How to join Google Analytics and Google Search Console data

Learn how to use Python to connect your Google Search Console API data to your Google Analytics Reporting API data using Pandas and GAPandas.

How to join Google Analytics and Google Search Console data
Picture by Lukas, Pexels.
11 minutes to read

Neither Google Search Console nor Google Analytics gives you access to the data found in both systems in one place. However, with a bit of ingenuity and some relatively simple Python code, you can combine or blend data from both sources in a single report. Here’s how it’s done.

Load the packages

Open a Jupyter notebook and import the google.oauth2 and googleapiclient packages, so we can connect to the Google Search Console API, the requests and json packages, so can send our query, and the Pandas and GAPandas packages so we can query the Google Analytics API.

from google.oauth2 import service_account
from googleapiclient.discovery import build
import requests
import json
import pandas as pd
import gapandas as gp

Configure some set-up variables

Next, create some set-up variables containing the name of your Google Search Console client secrets JSON key file, and your Google Analytics client secrets JSON key file, plus the ID of your Google Analytics view, the URL of your site, and the period you want to examine.

key_gsc = "client-secrets-gsc.json"
key_ga = "client-secrets-ga.json"
view_ga = "123456789"
start_date = "2020-01-01"
end_date = "2020-01-31"
site_url = "http://flyandlure.org"
filename_gsc_pages = "gsc_pages.csv"
filename_ga_pages = "gsc_pages.csv"

Connect to Google Search Console

First, we’ll create a little function to create a connection to the Search Console API and return an authenticated service object. If this is the first time you’ve used the Search Console API, I’d recommend checking out my beginner’s guide to using the Search Console API which explains how to get things set up.

def connect(key):
    """Create a connection to the Google Search Console API and return service object.

    Args:
        key (string): Google Search Console JSON client secrets path.

    Returns:
        service (object): Google Search Console service object.
    """

    scope = ['https://www.googleapis.com/auth/webmasters']
    credentials = service_account.Credentials.from_service_account_file(key, 
                                                                        scopes=scope)
    service = build(
        'webmasters',
        'v3',
        credentials=credentials
    )

    return service
service = connect(key_gsc)

Convert Google Search Console data to a dataframe

Next, we’ll create a function to send our query payload to the API and return the results in a Pandas dataframe. This takes the service object from the function above, the site_url containing the name of the property, and a payload dictionary containing your API query.

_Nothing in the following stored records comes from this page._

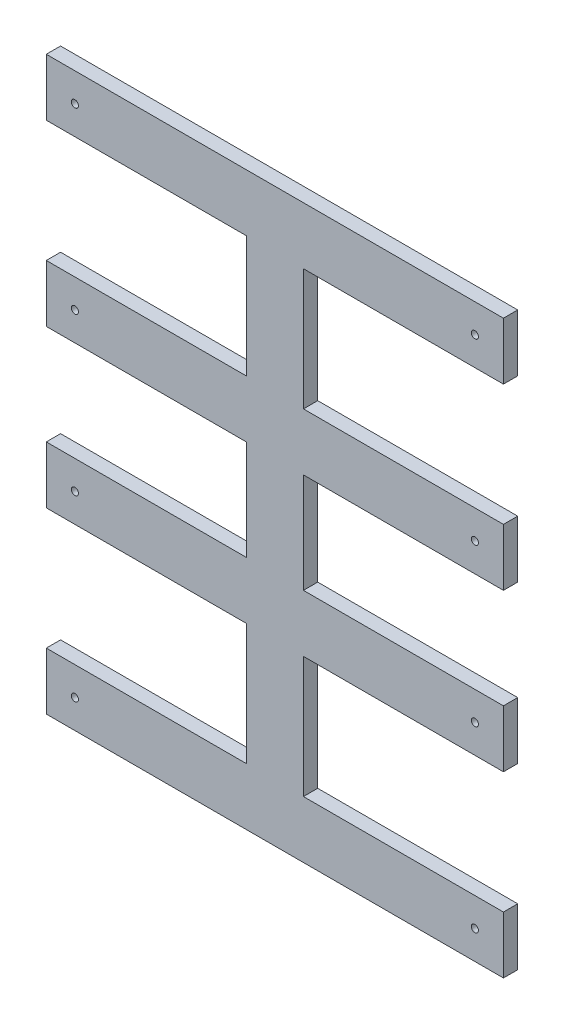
ISO-10303-21;
HEADER;
FILE_DESCRIPTION(('STEP AP214'),'2;1');
FILE_NAME('part.step','',(''),(''),'','','');
FILE_SCHEMA(('AUTOMOTIVE_DESIGN { 1 0 10303 214 1 1 1 1 }'));
ENDSEC;
DATA;
#1=APPLICATION_CONTEXT('core data for automotive mechanical design processes');
#2=APPLICATION_PROTOCOL_DEFINITION('international standard','automotive_design',2000,#1);
#3=PRODUCT_CONTEXT('',#1,'mechanical');
#4=PRODUCT('Part','Part','',(#3));
#5=PRODUCT_RELATED_PRODUCT_CATEGORY('part','',(#4));
#6=PRODUCT_DEFINITION_FORMATION('','',#4);
#7=PRODUCT_DEFINITION_CONTEXT('part definition',#1,'design');
#8=PRODUCT_DEFINITION('design','',#6,#7);
#9=PRODUCT_DEFINITION_SHAPE('','',#8);
#10=(LENGTH_UNIT() NAMED_UNIT(*) SI_UNIT(.MILLI.,.METRE.));
#11=(NAMED_UNIT(*) PLANE_ANGLE_UNIT() SI_UNIT($,.RADIAN.));
#12=(NAMED_UNIT(*) SI_UNIT($,.STERADIAN.) SOLID_ANGLE_UNIT());
#13=UNCERTAINTY_MEASURE_WITH_UNIT(LENGTH_MEASURE(1.E-05),#10,'distance_accuracy_value','');
#14=(GEOMETRIC_REPRESENTATION_CONTEXT(3) GLOBAL_UNCERTAINTY_ASSIGNED_CONTEXT((#13)) GLOBAL_UNIT_ASSIGNED_CONTEXT((#10,
#11,#12)) REPRESENTATION_CONTEXT('',''));
#15=CARTESIAN_POINT('',(0.,0.,0.));
#16=DIRECTION('',(0.,0.,1.));
#17=DIRECTION('',(1.,0.,0.));
#18=AXIS2_PLACEMENT_3D('',#15,#16,#17);
#19=CARTESIAN_POINT('',(0.,0.,6.35));
#20=DIRECTION('',(0.,0.,1.));
#21=DIRECTION('',(1.,0.,0.));
#22=AXIS2_PLACEMENT_3D('',#19,#20,#21);
#23=PLANE('',#22);
#24=CARTESIAN_POINT('',(88.9,-114.3,6.35));
#25=DIRECTION('',(0.,0.,1.));
#26=DIRECTION('',(-1.,0.,0.));
#27=AXIS2_PLACEMENT_3D('',#24,#25,#26);
#28=CIRCLE('',#27,1.5875);
#29=CARTESIAN_POINT('',(87.3125,-114.3,6.35));
#30=VERTEX_POINT('',#29);
#31=EDGE_CURVE('E516',#30,#30,#28,.T.);
#32=ORIENTED_EDGE('',*,*,#31,.F.);
#33=EDGE_LOOP('',(#32));
#34=FACE_BOUND('',#33,.T.);
#35=CARTESIAN_POINT('',(-88.9,-34.925,6.35));
#36=DIRECTION('',(0.,0.,1.));
#37=DIRECTION('',(-1.,0.,0.));
#38=AXIS2_PLACEMENT_3D('',#35,#36,#37);
#39=CIRCLE('',#38,1.5875);
#40=CARTESIAN_POINT('',(-90.4875,-34.925,6.35));
#41=VERTEX_POINT('',#40);
#42=EDGE_CURVE('E528',#41,#41,#39,.T.);
#43=ORIENTED_EDGE('',*,*,#42,.F.);
#44=EDGE_LOOP('',(#43));
#45=FACE_BOUND('',#44,.T.);
#46=CARTESIAN_POINT('',(88.9,34.925,6.35));
#47=DIRECTION('',(0.,0.,1.));
#48=DIRECTION('',(1.,0.,0.));
#49=AXIS2_PLACEMENT_3D('',#46,#47,#48);
#50=CIRCLE('',#49,1.5875);
#51=CARTESIAN_POINT('',(90.4875,34.925,6.35));
#52=VERTEX_POINT('',#51);
#53=EDGE_CURVE('E540',#52,#52,#50,.T.);
#54=ORIENTED_EDGE('',*,*,#53,.F.);
#55=EDGE_LOOP('',(#54));
#56=FACE_BOUND('',#55,.T.);
#57=CARTESIAN_POINT('',(-88.9,114.3,6.35));
#58=DIRECTION('',(0.,0.,1.));
#59=DIRECTION('',(1.,0.,0.));
#60=AXIS2_PLACEMENT_3D('',#57,#58,#59);
#61=CIRCLE('',#60,1.5875);
#62=CARTESIAN_POINT('',(-87.3125,114.3,6.35));
#63=VERTEX_POINT('',#62);
#64=EDGE_CURVE('E255',#63,#63,#61,.T.);
#65=ORIENTED_EDGE('',*,*,#64,.F.);
#66=EDGE_LOOP('',(#65));
#67=FACE_BOUND('',#66,.T.);
#68=DIRECTION('',(0.,1.,0.));
#69=VECTOR('',#68,1.);
#70=CARTESIAN_POINT('',(12.7,47.6249999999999,6.35));
#71=LINE('',#70,#69);
#72=CARTESIAN_POINT('',(12.7,47.6249999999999,6.35));
#73=VERTEX_POINT('',#72);
#74=CARTESIAN_POINT('',(12.7,101.6,6.35));
#75=VERTEX_POINT('',#74);
#76=EDGE_CURVE('E306',#73,#75,#71,.T.);
#77=ORIENTED_EDGE('',*,*,#76,.T.);
#78=DIRECTION('',(1.,0.,0.));
#79=VECTOR('',#78,1.);
#80=CARTESIAN_POINT('',(101.6,101.6,6.35));
#81=LINE('',#80,#79);
#82=CARTESIAN_POINT('',(101.6,101.6,6.35));
#83=VERTEX_POINT('',#82);
#84=EDGE_CURVE('E154',#75,#83,#81,.T.);
#85=ORIENTED_EDGE('',*,*,#84,.T.);
#86=DIRECTION('',(0.,1.,0.));
#87=VECTOR('',#86,1.);
#88=CARTESIAN_POINT('',(101.6,101.6,6.35));
#89=LINE('',#88,#87);
#90=CARTESIAN_POINT('',(101.6,127.,6.35));
#91=VERTEX_POINT('',#90);
#92=EDGE_CURVE('E381',#83,#91,#89,.T.);
#93=ORIENTED_EDGE('',*,*,#92,.T.);
#94=DIRECTION('',(-1.,0.,0.));
#95=VECTOR('',#94,1.);
#96=CARTESIAN_POINT('',(101.6,127.,6.35));
#97=LINE('',#96,#95);
#98=CARTESIAN_POINT('',(-101.6,127.,6.35));
#99=VERTEX_POINT('',#98);
#100=EDGE_CURVE('E400',#91,#99,#97,.T.);
#101=ORIENTED_EDGE('',*,*,#100,.T.);
#102=DIRECTION('',(0.,-1.,0.));
#103=VECTOR('',#102,1.);
#104=CARTESIAN_POINT('',(-101.6,101.6,6.35));
#105=LINE('',#104,#103);
#106=CARTESIAN_POINT('',(-101.6,101.6,6.35));
#107=VERTEX_POINT('',#106);
#108=EDGE_CURVE('E397',#99,#107,#105,.T.);
#109=ORIENTED_EDGE('',*,*,#108,.T.);
#110=DIRECTION('',(1.,0.,0.));
#111=VECTOR('',#110,1.);
#112=CARTESIAN_POINT('',(-12.7,101.6,6.35));
#113=LINE('',#112,#111);
#114=CARTESIAN_POINT('',(-12.7,101.6,6.35));
#115=VERTEX_POINT('',#114);
#116=EDGE_CURVE('E399',#107,#115,#113,.T.);
#117=ORIENTED_EDGE('',*,*,#116,.T.);
#118=DIRECTION('',(0.,-1.,0.));
#119=VECTOR('',#118,1.);
#120=CARTESIAN_POINT('',(-12.7,47.6249999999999,6.35));
#121=LINE('',#120,#119);
#122=CARTESIAN_POINT('',(-12.7,47.6249999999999,6.35));
#123=VERTEX_POINT('',#122);
#124=EDGE_CURVE('E402',#115,#123,#121,.T.);
#125=ORIENTED_EDGE('',*,*,#124,.T.);
#126=DIRECTION('',(-1.,0.,0.));
#127=VECTOR('',#126,1.);
#128=CARTESIAN_POINT('',(-12.7,47.6249999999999,6.35));
#129=LINE('',#128,#127);
#130=CARTESIAN_POINT('',(-101.6,47.625,6.35));
#131=VERTEX_POINT('',#130);
#132=EDGE_CURVE('E408',#123,#131,#129,.T.);
#133=ORIENTED_EDGE('',*,*,#132,.T.);
#134=DIRECTION('',(0.,-1.,0.));
#135=VECTOR('',#134,1.);
#136=CARTESIAN_POINT('',(-101.6,22.225,6.35));
#137=LINE('',#136,#135);
#138=CARTESIAN_POINT('',(-101.6,22.225,6.35));
#139=VERTEX_POINT('',#138);
#140=EDGE_CURVE('E410',#131,#139,#137,.T.);
#141=ORIENTED_EDGE('',*,*,#140,.T.);
#142=DIRECTION('',(1.,0.,0.));
#143=VECTOR('',#142,1.);
#144=CARTESIAN_POINT('',(-12.7,22.225,6.35));
#145=LINE('',#144,#143);
#146=CARTESIAN_POINT('',(-12.7,22.225,6.35));
#147=VERTEX_POINT('',#146);
#148=EDGE_CURVE('E412',#139,#147,#145,.T.);
#149=ORIENTED_EDGE('',*,*,#148,.T.);
#150=DIRECTION('',(0.,-1.,0.));
#151=VECTOR('',#150,1.);
#152=CARTESIAN_POINT('',(-12.7,-22.225,6.35));
#153=LINE('',#152,#151);
#154=CARTESIAN_POINT('',(-12.7,-22.225,6.35));
#155=VERTEX_POINT('',#154);
#156=EDGE_CURVE('E414',#147,#155,#153,.T.);
#157=ORIENTED_EDGE('',*,*,#156,.T.);
#158=DIRECTION('',(-1.,0.,0.));
#159=VECTOR('',#158,1.);
#160=CARTESIAN_POINT('',(-12.7,-22.225,6.35));
#161=LINE('',#160,#159);
#162=CARTESIAN_POINT('',(-101.6,-22.225,6.35));
#163=VERTEX_POINT('',#162);
#164=EDGE_CURVE('E416',#155,#163,#161,.T.);
#165=ORIENTED_EDGE('',*,*,#164,.T.);
#166=DIRECTION('',(0.,-1.,0.));
#167=VECTOR('',#166,1.);
#168=CARTESIAN_POINT('',(-101.6,-22.225,6.35));
#169=LINE('',#168,#167);
#170=CARTESIAN_POINT('',(-101.6,-47.625,6.35));
#171=VERTEX_POINT('',#170);
#172=EDGE_CURVE('E418',#163,#171,#169,.T.);
#173=ORIENTED_EDGE('',*,*,#172,.T.);
#174=DIRECTION('',(1.,0.,0.));
#175=VECTOR('',#174,1.);
#176=CARTESIAN_POINT('',(-12.7,-47.6249999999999,6.35));
#177=LINE('',#176,#175);
#178=CARTESIAN_POINT('',(-12.7,-47.6249999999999,6.35));
#179=VERTEX_POINT('',#178);
#180=EDGE_CURVE('E420',#171,#179,#177,.T.);
#181=ORIENTED_EDGE('',*,*,#180,.T.);
#182=DIRECTION('',(0.,-1.,0.));
#183=VECTOR('',#182,1.);
#184=CARTESIAN_POINT('',(-12.7,-47.6249999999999,6.35));
#185=LINE('',#184,#183);
#186=CARTESIAN_POINT('',(-12.7,-101.6,6.35));
#187=VERTEX_POINT('',#186);
#188=EDGE_CURVE('E422',#179,#187,#185,.T.);
#189=ORIENTED_EDGE('',*,*,#188,.T.);
#190=DIRECTION('',(-1.,0.,0.));
#191=VECTOR('',#190,1.);
#192=CARTESIAN_POINT('',(-12.7,-101.6,6.35));
#193=LINE('',#192,#191);
#194=CARTESIAN_POINT('',(-101.6,-101.6,6.35));
#195=VERTEX_POINT('',#194);
#196=EDGE_CURVE('E424',#187,#195,#193,.T.);
#197=ORIENTED_EDGE('',*,*,#196,.T.);
#198=DIRECTION('',(0.,-1.,0.));
#199=VECTOR('',#198,1.);
#200=CARTESIAN_POINT('',(-101.6,-101.6,6.35));
#201=LINE('',#200,#199);
#202=CARTESIAN_POINT('',(-101.6,-127.,6.35));
#203=VERTEX_POINT('',#202);
#204=EDGE_CURVE('E426',#195,#203,#201,.T.);
#205=ORIENTED_EDGE('',*,*,#204,.T.);
#206=DIRECTION('',(1.,0.,0.));
#207=VECTOR('',#206,1.);
#208=CARTESIAN_POINT('',(101.6,-127.,6.35));
#209=LINE('',#208,#207);
#210=CARTESIAN_POINT('',(101.6,-127.,6.35));
#211=VERTEX_POINT('',#210);
#212=EDGE_CURVE('E428',#203,#211,#209,.T.);
#213=ORIENTED_EDGE('',*,*,#212,.T.);
#214=DIRECTION('',(0.,1.,0.));
#215=VECTOR('',#214,1.);
#216=CARTESIAN_POINT('',(101.6,-101.6,6.35));
#217=LINE('',#216,#215);
#218=CARTESIAN_POINT('',(101.6,-101.6,6.35));
#219=VERTEX_POINT('',#218);
#220=EDGE_CURVE('E430',#211,#219,#217,.T.);
#221=ORIENTED_EDGE('',*,*,#220,.T.);
#222=DIRECTION('',(-1.,0.,0.));
#223=VECTOR('',#222,1.);
#224=CARTESIAN_POINT('',(101.6,-101.6,6.35));
#225=LINE('',#224,#223);
#226=CARTESIAN_POINT('',(12.7,-101.6,6.35));
#227=VERTEX_POINT('',#226);
#228=EDGE_CURVE('E432',#219,#227,#225,.T.);
#229=ORIENTED_EDGE('',*,*,#228,.T.);
#230=DIRECTION('',(0.,1.,0.));
#231=VECTOR('',#230,1.);
#232=CARTESIAN_POINT('',(12.7,-47.6249999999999,6.35));
#233=LINE('',#232,#231);
#234=CARTESIAN_POINT('',(12.7,-47.6249999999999,6.35));
#235=VERTEX_POINT('',#234);
#236=EDGE_CURVE('E434',#227,#235,#233,.T.);
#237=ORIENTED_EDGE('',*,*,#236,.T.);
#238=DIRECTION('',(1.,0.,0.));
#239=VECTOR('',#238,1.);
#240=CARTESIAN_POINT('',(101.6,-47.6249999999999,6.35));
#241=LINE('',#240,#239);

def query(service, site_url, payload):
    """Run a query on the Google Search Console API and return a dataframe of results.

    Args:
        service (object): Service object from connect()
        site_url (string): URL of Google Search Console property
        payload (dict): API query payload dictionary

    Return:
        df (dataframe): Pandas dataframe containing requested data. 

    """

    response = service.searchanalytics().query(siteUrl=site_url, body=payload).execute()

    results = []

    for row in response['rows']:    
        data = {}

        for i in range(len(payload['dimensions'])):
            data[payload['dimensions'][i]] = row['keys'][i]

        data['clicks'] = row['clicks']
        data['impressions'] = row['impressions']
        data['ctr'] = round(row['ctr'] * 100, 2)
        data['position'] = round(row['position'], 2)        
        results.append(data)

    return pd.DataFrame.from_dict(results)

Fetch Google Search Console data by page

Now that’s in place, we’ll run a Search Console query to return all the pages viewed within the date range selected and write them into a Pandas dataframe called df_gsc. We’ll also back this up to a CSV file, so we can use it elsewhere if we need to.

payload = {
    'startDate': start_date,
    'endDate': end_date,
    'dimensions': ["page"],  
    'rowLimit': 25000,
    'startRow': 0
}

df_gsc = query(service, site_url, payload)
df_gsc.to_csv(filename_gsc_pages, index=False)
df_gsc.head()
page clicks impressions ctr position
0 http://flyandlure.org/articles/fly_fishing/win... 265 3456 7.67 13.02
1 http://flyandlure.org/articles/fly_tying/9_zon... 212 3980 5.33 12.00
2 http://flyandlure.org/articles/fly_fishing/how... 206 4430 4.65 9.63
3 http://flyandlure.org/articles/fly_tying/7_of_... 198 2883 6.87 7.27
4 http://flyandlure.org/articles/fly_fishing/how... 170 2049 8.30 6.08

Connect to the Google Analytics API

Next we’ll use GAPandas to create a connection to the Google Analytics API. By passing the key_ga filepath for our client secrets JSON keyfile, we get back a service object just like the one above, that we can then use to run an API query. If it’s your first time using this package, please check out my beginner’s guide to using GAPandas.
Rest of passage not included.